This article is from the Australian Property Journal archive
TENANT demand across the country’s industrial real estate market have driven strong operational results for Centuria Industrial REIT (ASX:CIP) over Q1 FY23.
Over the first quarter of the financial year, CIP has secured 49,209sqm of leased terms across 10 transactions. With positive re-leasing spreads averaging 18% achieved as rental growth speeds up across the market.
“Record low national industrial vacancy, coupled with limited supply of industrial space, continues to create a divergence between supply and demand resulting in accelerated industrial market rental growth across the country,” said Jesse Curtis, fund manager at CIP and head of industrial at Centuria.
“These metrics support CIP’s strong portfolio occupancy and, with significant tenant demand, we look to leverage opportunities to further add value for our investors.”
CIP’s portfolio occupancy is now at 99.6%, with a WALE of 8.1-years.
Key deals over the period included 22,481sqm at 82 Rodeo Road, Gregory Hills NSW on a new 8.5-year term.
With strong leasing results secured at several of CIP’s value-add and development projects, including at the Southside Industrial Estate, Dandenong South VIC
The new three-year lease to Orora Group across 13,610sqm making the 40,380sqm estate fully leased ahead practical completion.
“We are also capturing strong tenant demand through our new development pipeline within supply-constrained urban infill markets. Our Southside Industrial Estate will reach Practical Completion and open in November with 100% occupancy,” added Curtis.
“Furthermore, site preparation works have commenced at our developments in Campbellfield VIC and Canning Vale WA with construction to commence in the coming months.”
CIP also acquired a fourth holding along Studley Court, Derrimut VIC as part of its land consolidation strategy.

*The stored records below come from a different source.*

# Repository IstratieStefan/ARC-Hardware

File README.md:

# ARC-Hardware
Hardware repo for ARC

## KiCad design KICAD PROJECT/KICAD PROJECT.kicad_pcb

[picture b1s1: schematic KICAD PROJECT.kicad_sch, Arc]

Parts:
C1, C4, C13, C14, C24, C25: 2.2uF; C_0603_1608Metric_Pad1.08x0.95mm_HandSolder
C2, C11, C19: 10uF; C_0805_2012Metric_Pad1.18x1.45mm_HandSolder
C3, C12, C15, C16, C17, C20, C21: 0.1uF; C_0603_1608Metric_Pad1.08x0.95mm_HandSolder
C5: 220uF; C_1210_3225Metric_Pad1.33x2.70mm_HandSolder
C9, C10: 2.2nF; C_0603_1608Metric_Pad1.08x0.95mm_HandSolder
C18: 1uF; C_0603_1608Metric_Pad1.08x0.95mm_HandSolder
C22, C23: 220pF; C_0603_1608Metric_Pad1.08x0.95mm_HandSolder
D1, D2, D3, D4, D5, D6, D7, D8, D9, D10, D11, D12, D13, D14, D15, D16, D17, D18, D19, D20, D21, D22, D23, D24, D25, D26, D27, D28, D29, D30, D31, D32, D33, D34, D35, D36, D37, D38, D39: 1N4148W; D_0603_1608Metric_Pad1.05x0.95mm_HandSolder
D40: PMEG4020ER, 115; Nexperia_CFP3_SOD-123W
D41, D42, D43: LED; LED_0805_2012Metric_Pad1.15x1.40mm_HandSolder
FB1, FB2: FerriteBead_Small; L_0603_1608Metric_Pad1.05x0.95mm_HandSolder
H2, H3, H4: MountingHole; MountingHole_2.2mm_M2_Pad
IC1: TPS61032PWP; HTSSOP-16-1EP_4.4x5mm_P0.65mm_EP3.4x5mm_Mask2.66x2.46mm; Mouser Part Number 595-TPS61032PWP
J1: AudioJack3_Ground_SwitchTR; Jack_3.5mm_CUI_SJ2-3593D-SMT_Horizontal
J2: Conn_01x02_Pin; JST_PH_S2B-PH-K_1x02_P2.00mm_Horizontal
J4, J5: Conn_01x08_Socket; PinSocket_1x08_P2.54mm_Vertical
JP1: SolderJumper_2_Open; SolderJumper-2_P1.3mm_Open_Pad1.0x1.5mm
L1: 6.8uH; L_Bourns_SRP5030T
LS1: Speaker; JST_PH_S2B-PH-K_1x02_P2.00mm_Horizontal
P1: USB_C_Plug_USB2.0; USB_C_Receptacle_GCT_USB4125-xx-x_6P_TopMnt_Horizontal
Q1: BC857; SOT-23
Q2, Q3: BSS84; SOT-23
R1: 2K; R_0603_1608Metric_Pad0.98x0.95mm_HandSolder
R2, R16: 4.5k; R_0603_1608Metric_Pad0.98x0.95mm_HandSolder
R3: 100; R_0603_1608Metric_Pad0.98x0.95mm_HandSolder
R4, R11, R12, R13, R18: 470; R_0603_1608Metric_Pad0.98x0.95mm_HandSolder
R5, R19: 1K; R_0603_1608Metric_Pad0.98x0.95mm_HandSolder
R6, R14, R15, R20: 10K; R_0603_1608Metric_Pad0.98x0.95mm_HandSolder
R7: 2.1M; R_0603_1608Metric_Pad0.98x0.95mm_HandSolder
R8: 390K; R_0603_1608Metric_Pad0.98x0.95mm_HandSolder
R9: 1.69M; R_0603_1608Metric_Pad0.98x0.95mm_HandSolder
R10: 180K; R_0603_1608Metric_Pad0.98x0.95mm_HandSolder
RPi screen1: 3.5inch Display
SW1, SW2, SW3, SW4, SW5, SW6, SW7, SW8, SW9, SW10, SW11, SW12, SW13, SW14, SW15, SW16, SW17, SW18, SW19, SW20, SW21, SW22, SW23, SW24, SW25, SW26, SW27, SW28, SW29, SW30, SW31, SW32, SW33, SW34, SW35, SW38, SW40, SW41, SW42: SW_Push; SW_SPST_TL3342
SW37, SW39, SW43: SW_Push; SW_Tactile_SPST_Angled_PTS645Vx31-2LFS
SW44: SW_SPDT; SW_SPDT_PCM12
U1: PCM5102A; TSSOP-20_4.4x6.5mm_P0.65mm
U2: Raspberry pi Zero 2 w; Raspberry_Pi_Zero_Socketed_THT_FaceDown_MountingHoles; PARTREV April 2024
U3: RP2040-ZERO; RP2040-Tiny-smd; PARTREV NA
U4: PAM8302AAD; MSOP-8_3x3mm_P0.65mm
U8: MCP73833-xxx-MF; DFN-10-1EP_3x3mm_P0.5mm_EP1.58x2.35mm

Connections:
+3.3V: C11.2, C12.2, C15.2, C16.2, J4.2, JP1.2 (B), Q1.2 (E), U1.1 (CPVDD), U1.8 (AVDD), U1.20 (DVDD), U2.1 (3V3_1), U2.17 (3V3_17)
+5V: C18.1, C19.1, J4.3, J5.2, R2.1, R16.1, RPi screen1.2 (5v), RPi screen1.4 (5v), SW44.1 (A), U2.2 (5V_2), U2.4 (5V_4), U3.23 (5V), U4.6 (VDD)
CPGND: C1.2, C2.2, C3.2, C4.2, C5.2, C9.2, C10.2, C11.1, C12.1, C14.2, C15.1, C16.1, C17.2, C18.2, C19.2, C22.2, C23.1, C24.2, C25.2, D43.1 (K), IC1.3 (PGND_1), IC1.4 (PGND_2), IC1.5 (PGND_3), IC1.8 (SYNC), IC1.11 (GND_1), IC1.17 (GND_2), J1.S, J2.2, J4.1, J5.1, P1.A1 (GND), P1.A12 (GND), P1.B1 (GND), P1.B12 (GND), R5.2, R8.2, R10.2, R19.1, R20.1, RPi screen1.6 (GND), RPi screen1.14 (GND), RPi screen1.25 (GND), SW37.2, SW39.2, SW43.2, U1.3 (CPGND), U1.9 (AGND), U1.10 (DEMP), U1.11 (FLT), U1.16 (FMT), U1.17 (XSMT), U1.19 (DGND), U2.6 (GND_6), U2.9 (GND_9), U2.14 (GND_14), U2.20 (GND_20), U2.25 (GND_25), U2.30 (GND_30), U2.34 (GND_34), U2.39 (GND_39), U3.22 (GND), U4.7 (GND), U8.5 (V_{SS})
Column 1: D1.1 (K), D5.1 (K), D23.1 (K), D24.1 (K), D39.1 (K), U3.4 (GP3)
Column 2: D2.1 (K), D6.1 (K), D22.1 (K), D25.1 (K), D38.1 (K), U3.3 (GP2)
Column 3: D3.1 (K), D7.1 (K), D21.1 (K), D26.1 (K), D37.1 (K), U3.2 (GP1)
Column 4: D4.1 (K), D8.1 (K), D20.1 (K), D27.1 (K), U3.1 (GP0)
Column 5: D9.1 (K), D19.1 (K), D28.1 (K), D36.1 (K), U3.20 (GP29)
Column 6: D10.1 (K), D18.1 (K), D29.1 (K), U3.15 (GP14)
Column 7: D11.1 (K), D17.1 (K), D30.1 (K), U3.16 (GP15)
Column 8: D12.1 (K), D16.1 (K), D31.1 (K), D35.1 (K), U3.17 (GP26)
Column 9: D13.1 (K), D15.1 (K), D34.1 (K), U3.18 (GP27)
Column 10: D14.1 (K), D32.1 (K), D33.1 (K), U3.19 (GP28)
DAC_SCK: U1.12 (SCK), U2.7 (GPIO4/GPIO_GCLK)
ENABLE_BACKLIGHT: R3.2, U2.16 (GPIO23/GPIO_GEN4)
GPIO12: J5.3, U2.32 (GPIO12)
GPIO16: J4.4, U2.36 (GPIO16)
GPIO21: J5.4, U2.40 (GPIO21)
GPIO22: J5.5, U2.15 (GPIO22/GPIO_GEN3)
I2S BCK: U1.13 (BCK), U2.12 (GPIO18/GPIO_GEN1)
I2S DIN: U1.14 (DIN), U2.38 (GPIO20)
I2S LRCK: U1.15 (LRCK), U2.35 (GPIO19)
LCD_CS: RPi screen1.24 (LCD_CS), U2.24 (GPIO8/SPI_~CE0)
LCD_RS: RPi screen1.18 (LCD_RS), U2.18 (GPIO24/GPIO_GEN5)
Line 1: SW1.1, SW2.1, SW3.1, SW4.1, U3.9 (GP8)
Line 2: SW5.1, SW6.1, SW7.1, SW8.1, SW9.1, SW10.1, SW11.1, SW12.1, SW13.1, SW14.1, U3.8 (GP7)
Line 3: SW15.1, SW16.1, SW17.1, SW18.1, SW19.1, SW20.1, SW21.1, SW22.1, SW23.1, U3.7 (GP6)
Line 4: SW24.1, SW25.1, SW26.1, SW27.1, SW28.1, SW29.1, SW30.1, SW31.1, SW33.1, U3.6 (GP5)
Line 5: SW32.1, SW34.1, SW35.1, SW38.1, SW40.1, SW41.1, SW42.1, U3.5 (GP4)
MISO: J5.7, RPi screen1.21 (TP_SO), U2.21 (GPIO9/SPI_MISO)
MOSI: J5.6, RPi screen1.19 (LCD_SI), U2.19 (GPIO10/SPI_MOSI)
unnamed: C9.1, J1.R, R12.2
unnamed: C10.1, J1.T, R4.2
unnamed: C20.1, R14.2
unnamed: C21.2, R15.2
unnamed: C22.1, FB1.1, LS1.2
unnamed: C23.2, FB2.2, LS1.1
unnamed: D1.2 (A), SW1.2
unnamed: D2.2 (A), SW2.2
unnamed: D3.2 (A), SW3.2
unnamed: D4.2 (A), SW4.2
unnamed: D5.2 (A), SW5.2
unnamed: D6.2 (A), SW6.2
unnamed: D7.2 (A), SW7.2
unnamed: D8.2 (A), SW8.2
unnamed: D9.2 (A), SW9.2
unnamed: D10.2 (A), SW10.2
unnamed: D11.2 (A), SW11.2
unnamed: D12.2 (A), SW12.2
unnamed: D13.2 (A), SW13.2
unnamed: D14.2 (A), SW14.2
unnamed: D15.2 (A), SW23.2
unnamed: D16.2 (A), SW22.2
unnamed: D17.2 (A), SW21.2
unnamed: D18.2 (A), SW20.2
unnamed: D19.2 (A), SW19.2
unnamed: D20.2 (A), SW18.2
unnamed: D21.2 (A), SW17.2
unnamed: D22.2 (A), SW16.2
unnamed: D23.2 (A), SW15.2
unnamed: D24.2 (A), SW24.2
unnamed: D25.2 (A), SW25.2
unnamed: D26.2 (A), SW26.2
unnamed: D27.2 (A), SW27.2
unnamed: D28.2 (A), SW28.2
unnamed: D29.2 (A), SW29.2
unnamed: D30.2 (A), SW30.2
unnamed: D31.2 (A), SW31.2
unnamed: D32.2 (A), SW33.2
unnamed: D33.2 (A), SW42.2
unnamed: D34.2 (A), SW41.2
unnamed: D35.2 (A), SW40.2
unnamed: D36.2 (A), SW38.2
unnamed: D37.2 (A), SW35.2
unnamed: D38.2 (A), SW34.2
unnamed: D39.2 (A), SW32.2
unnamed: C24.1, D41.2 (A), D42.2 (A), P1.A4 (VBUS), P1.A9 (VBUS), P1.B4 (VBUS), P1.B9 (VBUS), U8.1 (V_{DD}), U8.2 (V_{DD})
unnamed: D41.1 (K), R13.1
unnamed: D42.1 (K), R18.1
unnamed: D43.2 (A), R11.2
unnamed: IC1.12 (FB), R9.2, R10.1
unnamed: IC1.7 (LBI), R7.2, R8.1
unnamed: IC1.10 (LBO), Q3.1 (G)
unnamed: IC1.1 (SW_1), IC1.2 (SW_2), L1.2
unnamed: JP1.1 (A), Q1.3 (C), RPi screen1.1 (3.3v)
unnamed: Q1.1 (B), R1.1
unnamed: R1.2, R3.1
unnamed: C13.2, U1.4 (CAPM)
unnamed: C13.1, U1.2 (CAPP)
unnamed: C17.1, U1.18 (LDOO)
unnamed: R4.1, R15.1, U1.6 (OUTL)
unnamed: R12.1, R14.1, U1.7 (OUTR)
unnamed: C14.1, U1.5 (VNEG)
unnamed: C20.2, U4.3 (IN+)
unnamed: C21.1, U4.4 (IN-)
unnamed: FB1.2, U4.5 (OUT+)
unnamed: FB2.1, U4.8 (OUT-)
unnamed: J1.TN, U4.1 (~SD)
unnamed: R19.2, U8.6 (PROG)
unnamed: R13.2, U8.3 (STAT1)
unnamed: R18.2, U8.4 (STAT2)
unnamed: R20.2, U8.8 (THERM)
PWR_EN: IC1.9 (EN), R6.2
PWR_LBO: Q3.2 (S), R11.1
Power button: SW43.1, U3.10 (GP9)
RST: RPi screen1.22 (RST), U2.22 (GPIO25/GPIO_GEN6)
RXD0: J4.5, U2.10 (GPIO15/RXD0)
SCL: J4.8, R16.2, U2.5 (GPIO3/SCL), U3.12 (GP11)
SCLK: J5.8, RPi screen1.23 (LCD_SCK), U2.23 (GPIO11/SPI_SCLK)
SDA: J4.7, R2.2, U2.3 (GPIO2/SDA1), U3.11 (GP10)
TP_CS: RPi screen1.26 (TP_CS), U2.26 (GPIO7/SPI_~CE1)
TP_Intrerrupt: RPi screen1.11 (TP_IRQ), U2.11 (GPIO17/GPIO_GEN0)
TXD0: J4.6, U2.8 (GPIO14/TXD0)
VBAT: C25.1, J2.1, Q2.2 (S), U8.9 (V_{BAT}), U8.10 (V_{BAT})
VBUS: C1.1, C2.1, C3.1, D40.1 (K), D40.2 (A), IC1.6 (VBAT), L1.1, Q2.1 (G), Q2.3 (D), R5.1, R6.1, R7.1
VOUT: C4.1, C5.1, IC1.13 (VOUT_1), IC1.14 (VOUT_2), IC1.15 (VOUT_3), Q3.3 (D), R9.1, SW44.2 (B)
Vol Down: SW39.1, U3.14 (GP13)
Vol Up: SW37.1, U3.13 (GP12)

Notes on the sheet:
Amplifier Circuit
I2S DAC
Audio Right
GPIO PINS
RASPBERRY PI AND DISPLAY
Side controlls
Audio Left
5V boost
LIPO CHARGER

The $12.35 million purchase of the 5,419sqm 119 Studley Court industrial facility, brings CIP’s Derrimut sub-portfolio up to 11 assets spanning 26-hectares, worth $258 million.
“CIP remains Australia’s largest listed pure-play industrial REIT and moves into Q2 FY23 in a strong position. While inflation and interest rates continue to rise, our cash rate assumptions originally adopted in setting FY23 FFO guidance remains consistent with central bank rate movements,” said Curtis.
CIP reaffirmed its FY23 FFO guidance of 17.0 cents per unit and its distribution guidance at 16.0 cents per unit, reflecting an annualised distribution yield of 5.9%.
“The industrial leasing market continues to be supported by strong fundamentals with CIP’s urban infill portfolio expected to benefit from the rapid rise in market rents,” concluded Curtis.